Você percebeu? Parece até que você sabe, não é mesmo...?-Eu então direcionava minha mão a sua cabeça e o acariciava.

Ele continuou a me lamber, e eu permiti. Eu estava fraco para ter qualquer outra reação e de alguma forma, eu sentia consolo daquele pequeno animal. Animal este que secou todas às minhas lágrimas.

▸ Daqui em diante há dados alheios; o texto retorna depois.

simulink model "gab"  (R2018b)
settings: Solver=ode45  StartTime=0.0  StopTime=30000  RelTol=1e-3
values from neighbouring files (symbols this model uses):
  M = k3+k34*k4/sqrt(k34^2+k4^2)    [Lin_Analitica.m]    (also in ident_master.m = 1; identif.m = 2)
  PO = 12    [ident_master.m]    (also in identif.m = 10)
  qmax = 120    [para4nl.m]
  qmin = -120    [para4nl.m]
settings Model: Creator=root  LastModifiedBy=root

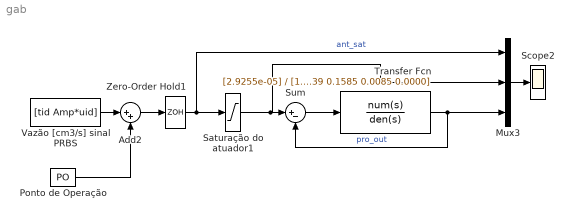
== system gab ==
  Add2 : Sum  Inputs=|++
  Mux3 : Mux  Inputs=3
  "Ponto de Operação " : Constant  Value=PO
  Saturação do atuador1 : Saturate  UpperLimit=qmax  LowerLimit=qmin
  Scope2 : Scope
  Sum : Sum  Inputs=|+-
  Transfer Fcn : TransferFcn  Numerator=[2.9255e-05]  Denominator=[1.0000 0.7639 0.1585 0.0085 0.0000]
  Vazão [cm3/s] sinal PRBS : FromWorkspace  VariableName=[tid Amp*uid]  SampleTime=10  Interpolate=off  OutputAfterFinalValue=Holding final value
  Zero-Order Hold1 : ZeroOrderHold  SampleTime=M
  wires:
  "Ponto de Operação "/1 -> Add2/2
  Saturação do atuador1/1 -> Sum/1, Mux3/2
  Vazão [cm3/s] sinal PRBS/1 -> Add2/1
  Zero-Order Hold1/1 -> Mux3/1, Saturação do atuador1/1  "ant_sat"
  Mux3/1 -> Scope2/1
  Add2/1 -> Zero-Order Hold1/1
  Transfer Fcn/1 -> Sum/2, Mux3/3  "pro_out"
  Sum/1 -> Transfer Fcn/1

Você o amava.-Coçando sua orelha, eu concluía.

Ele então saiu, foi até o cesto de roupa suja e lá puxou uma camisa do V, ele então a trouxe a mim, e sobre ela ele se deitou. E eu percebi que o cheiro do meu irmão ainda permanecia lá, pois a camisa jogada, ainda não estava com o odor de sujeira. Eu percebi que um animal tentou me consolar, um belo animal, sincero e verdadeiro.
Tar, neste momento eu me sinto fraco, perdido. Meu labirinto de dúvidas e dor havia chegado e eu estava sem rumo, talvez eu continue. Mas é temporário, graças a você.
Pois, em breve, eu terei a força necessária para queimar o mundo e então finalmente poder matar um certo alguém.